Dataset from dictionary of images


I feel like this should be easy but I’m actually at a loss of where to start (I’m recovering from C19 so I’ll blame that if I’m being especially slow).

I’ve trained my models and used the data sets from folders fine it all makes sense.

For inference, the images I’m using are huge microsopy images (30-100k x 4-8K pixels) and not pre-split (which had to be done to label them for training)

I can easily split them into a dictionary of PIL images (~30K images) that lives comfortably in memory.

Is there any way to use that as the input to a data loader - so I can use transforms and do the inference without saving the intermediate files?

Thanks in advance!

You can create a custom Dataset similar to this example, where you can perform transformation within __getitem__ and return the result without saving them.

1 Like

Thanks @nivek - that does make it a little clearer.

I think I can guess and hope I don’t blow anything up off the back of that. If I get it working I’ll post it back here so there is an actual example somewhere.

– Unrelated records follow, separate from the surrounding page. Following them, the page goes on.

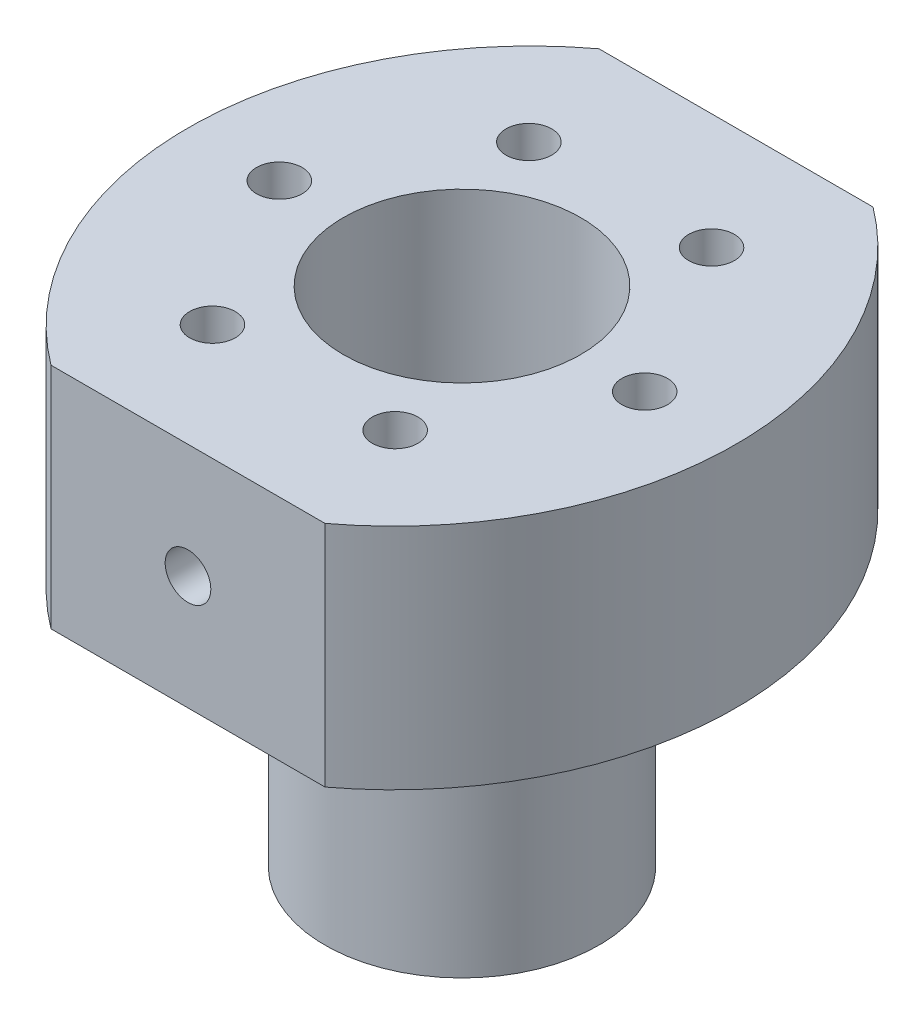
ISO-10303-21;
HEADER;
FILE_DESCRIPTION(('STEP AP214'),'2;1');
FILE_NAME('part.step','',(''),(''),'','','');
FILE_SCHEMA(('AUTOMOTIVE_DESIGN { 1 0 10303 214 1 1 1 1 }'));
ENDSEC;
DATA;
#1=APPLICATION_CONTEXT('core data for automotive mechanical design processes');
#2=APPLICATION_PROTOCOL_DEFINITION('international standard','automotive_design',2000,#1);
#3=PRODUCT_CONTEXT('',#1,'mechanical');
#4=PRODUCT('Part','Part','',(#3));
#5=PRODUCT_RELATED_PRODUCT_CATEGORY('part','',(#4));
#6=PRODUCT_DEFINITION_FORMATION('','',#4);
#7=PRODUCT_DEFINITION_CONTEXT('part definition',#1,'design');
#8=PRODUCT_DEFINITION('design','',#6,#7);
#9=PRODUCT_DEFINITION_SHAPE('','',#8);
#10=(LENGTH_UNIT() NAMED_UNIT(*) SI_UNIT(.MILLI.,.METRE.));
#11=(NAMED_UNIT(*) PLANE_ANGLE_UNIT() SI_UNIT($,.RADIAN.));
#12=(NAMED_UNIT(*) SI_UNIT($,.STERADIAN.) SOLID_ANGLE_UNIT());
#13=UNCERTAINTY_MEASURE_WITH_UNIT(LENGTH_MEASURE(1.E-05),#10,'distance_accuracy_value','');
#14=(GEOMETRIC_REPRESENTATION_CONTEXT(3) GLOBAL_UNCERTAINTY_ASSIGNED_CONTEXT((#13)) GLOBAL_UNIT_ASSIGNED_CONTEXT((#10,
#11,#12)) REPRESENTATION_CONTEXT('',''));
#15=CARTESIAN_POINT('',(0.,0.,0.));
#16=DIRECTION('',(0.,0.,1.));
#17=DIRECTION('',(1.,0.,0.));
#18=AXIS2_PLACEMENT_3D('',#15,#16,#17);
#19=CARTESIAN_POINT('',(7.49999999999937,12.5,0.));
#20=DIRECTION('',(0.,-1.,0.));
#21=DIRECTION('',(0.,0.,-1.));
#22=AXIS2_PLACEMENT_3D('',#19,#20,#21);
#23=CYLINDRICAL_SURFACE('',#22,37.4999999999996);
#24=CARTESIAN_POINT('',(7.49999999999937,-12.5,0.));
#25=DIRECTION('',(0.,1.,0.));
#26=DIRECTION('',(0.,0.,1.));
#27=AXIS2_PLACEMENT_3D('',#24,#25,#26);
#28=CIRCLE('',#27,37.4999999999996);
#29=CARTESIAN_POINT('',(-15.,-12.5,-30.));
#30=VERTEX_POINT('',#29);
#31=CARTESIAN_POINT('',(-15.,-12.5,30.));
#32=VERTEX_POINT('',#31);
#33=EDGE_CURVE('E101',#30,#32,#28,.T.);
#34=ORIENTED_EDGE('',*,*,#33,.T.);
#35=DIRECTION('',(0.,-1.,0.));
#36=VECTOR('',#35,1.);
#37=CARTESIAN_POINT('',(-15.,12.5,30.));
#38=LINE('',#37,#36);
#39=CARTESIAN_POINT('',(-15.,12.5,30.));
#40=VERTEX_POINT('',#39);
#41=EDGE_CURVE('E42',#40,#32,#38,.T.);
#42=ORIENTED_EDGE('',*,*,#41,.F.);
#43=CARTESIAN_POINT('',(7.49999999999937,12.5,0.));
#44=DIRECTION('',(0.,1.,0.));
#45=DIRECTION('',(0.,0.,1.));
#46=AXIS2_PLACEMENT_3D('',#43,#44,#45);
#47=CIRCLE('',#46,37.4999999999996);
#48=CARTESIAN_POINT('',(-15.,12.5,-30.));
#49=VERTEX_POINT('',#48);
#50=EDGE_CURVE('E87',#49,#40,#47,.T.);
#51=ORIENTED_EDGE('',*,*,#50,.F.);
#52=DIRECTION('',(0.,-1.,0.));
#53=VECTOR('',#52,1.);
#54=CARTESIAN_POINT('',(-15.,12.5,-30.));
#55=LINE('',#54,#53);
#56=EDGE_CURVE('E97',#49,#30,#55,.T.);
#57=ORIENTED_EDGE('',*,*,#56,.T.);
#58=EDGE_LOOP('',(#34,#42,#51,#57));
#59=FACE_BOUND('',#58,.T.);
#60=ADVANCED_FACE('F33',(#59),#23,.T.);
#61=CARTESIAN_POINT('',(-15.,12.5,30.));
#62=DIRECTION('',(0.,0.,-1.));
#63=DIRECTION('',(-1.,0.,0.));
#64=AXIS2_PLACEMENT_3D('',#61,#62,#63);
#65=PLANE('',#64);
#66=CARTESIAN_POINT('',(0.,0.,30.));
#67=DIRECTION('',(0.,0.,1.));
#68=DIRECTION('',(1.,0.,0.));
#69=AXIS2_PLACEMENT_3D('',#66,#67,#68);
#70=CIRCLE('',#69,2.5);
#71=CARTESIAN_POINT('',(2.5,0.,30.));
#72=VERTEX_POINT('',#71);
#73=EDGE_CURVE('E127',#72,#72,#70,.T.);
#74=ORIENTED_EDGE('',*,*,#73,.F.);
#75=EDGE_LOOP('',(#74));
#76=FACE_BOUND('',#75,.T.);
#77=DIRECTION('',(1.,0.,0.));
#78=VECTOR('',#77,1.);
#79=CARTESIAN_POINT('',(-15.,-12.5,30.));
#80=LINE('',#79,#78);
#81=CARTESIAN_POINT('',(15.,-12.5,30.));
#82=VERTEX_POINT('',#81);
#83=EDGE_CURVE('E92',#32,#82,#80,.T.);
#84=ORIENTED_EDGE('',*,*,#83,.T.);
#85=DIRECTION('',(0.,-1.,0.));
#86=VECTOR('',#85,1.);
#87=CARTESIAN_POINT('',(15.,12.5,30.));
#88=LINE('',#87,#86);
#89=CARTESIAN_POINT('',(15.,12.5,30.));
#90=VERTEX_POINT('',#89);
#91=EDGE_CURVE('E90',#90,#82,#88,.T.);
#92=ORIENTED_EDGE('',*,*,#91,.F.);
#93=DIRECTION('',(1.,0.,0.));
#94=VECTOR('',#93,1.);
#95=CARTESIAN_POINT('',(-15.,12.5,30.));
#96=LINE('',#95,#94);
#97=EDGE_CURVE('E82',#40,#90,#96,.T.);
#98=ORIENTED_EDGE('',*,*,#97,.F.);
#99=ORIENTED_EDGE('',*,*,#41,.T.);
#100=EDGE_LOOP('',(#84,#92,#98,#99));
#101=FACE_BOUND('',#100,.T.);
#102=ADVANCED_FACE('F91',(#76,#101),#65,.F.);
#103=CARTESIAN_POINT('',(-7.49999999999893,12.5,0.));
#104=DIRECTION('',(0.,-1.,0.));
#105=DIRECTION('',(0.,0.,-1.));
#106=AXIS2_PLACEMENT_3D('',#103,#104,#105);
#107=CYLINDRICAL_SURFACE('',#106,37.4999999999994);
#108=CARTESIAN_POINT('',(-7.49999999999893,-12.5,0.));
#109=DIRECTION('',(0.,1.,0.));
#110=DIRECTION('',(0.,0.,-1.));
#111=AXIS2_PLACEMENT_3D('',#108,#109,#110);
#112=CIRCLE('',#111,37.4999999999994);
#113=CARTESIAN_POINT('',(15.,-12.5,-30.));
#114=VERTEX_POINT('',#113);
#115=EDGE_CURVE('E68',#82,#114,#112,.T.);
#116=ORIENTED_EDGE('',*,*,#115,.T.);
#117=DIRECTION('',(0.,-1.,0.));
#118=VECTOR('',#117,1.);
#119=CARTESIAN_POINT('',(15.,12.5,-30.));
#120=LINE('',#119,#118);
#121=CARTESIAN_POINT('',(15.,12.5,-30.));
#122=VERTEX_POINT('',#121);
#123=EDGE_CURVE('E93',#122,#114,#120,.T.);
#124=ORIENTED_EDGE('',*,*,#123,.F.);
#125=CARTESIAN_POINT('',(-7.49999999999893,12.5,0.));
#126=DIRECTION('',(0.,1.,0.));
#127=DIRECTION('',(0.,0.,-1.));
#128=AXIS2_PLACEMENT_3D('',#125,#126,#127);
#129=CIRCLE('',#128,37.4999999999994);
#130=EDGE_CURVE('E85',#90,#122,#129,.T.);
#131=ORIENTED_EDGE('',*,*,#130,.F.);
#132=ORIENTED_EDGE('',*,*,#91,.T.);
#133=EDGE_LOOP('',(#116,#124,#131,#132));
#134=FACE_BOUND('',#133,.T.);
#135=ADVANCED_FACE('F95',(#134),#107,.T.);
#136=CARTESIAN_POINT('',(-15.,12.5,-30.));
#137=DIRECTION('',(0.,0.,1.));
#138=DIRECTION('',(1.,0.,0.));
#139=AXIS2_PLACEMENT_3D('',#136,#137,#138);
#140=PLANE('',#139);
#141=CARTESIAN_POINT('',(0.,0.,-30.));
#142=DIRECTION('',(0.,0.,1.));
#143=DIRECTION('',(1.,0.,0.));
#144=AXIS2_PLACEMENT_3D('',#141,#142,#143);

Realized I never did do this!

class DataFromDict(Dataset):
    def __init__(self,input_dict ):
        self.input_dict = input_dict
        self.input_keys = list(input_dict.keys())

    def __len__(self):
        return len(self.input_keys)

    def __getitem__(self,idx):
        item = self.input_dict[self.img_keys[idx]]['item_key']
        label = self.input_dict[self.img_keys[idx]]['label_key']
        return item, label

That’s not exactly how I did it since I didn’t need the label and so abused it by returning something slightly different - but that should work.

The list of keys shouldn’t be needed, I think, in python 3.7+ but means it is fixed. This should work as a starter for 10 when anyone comes looking for a similar problem.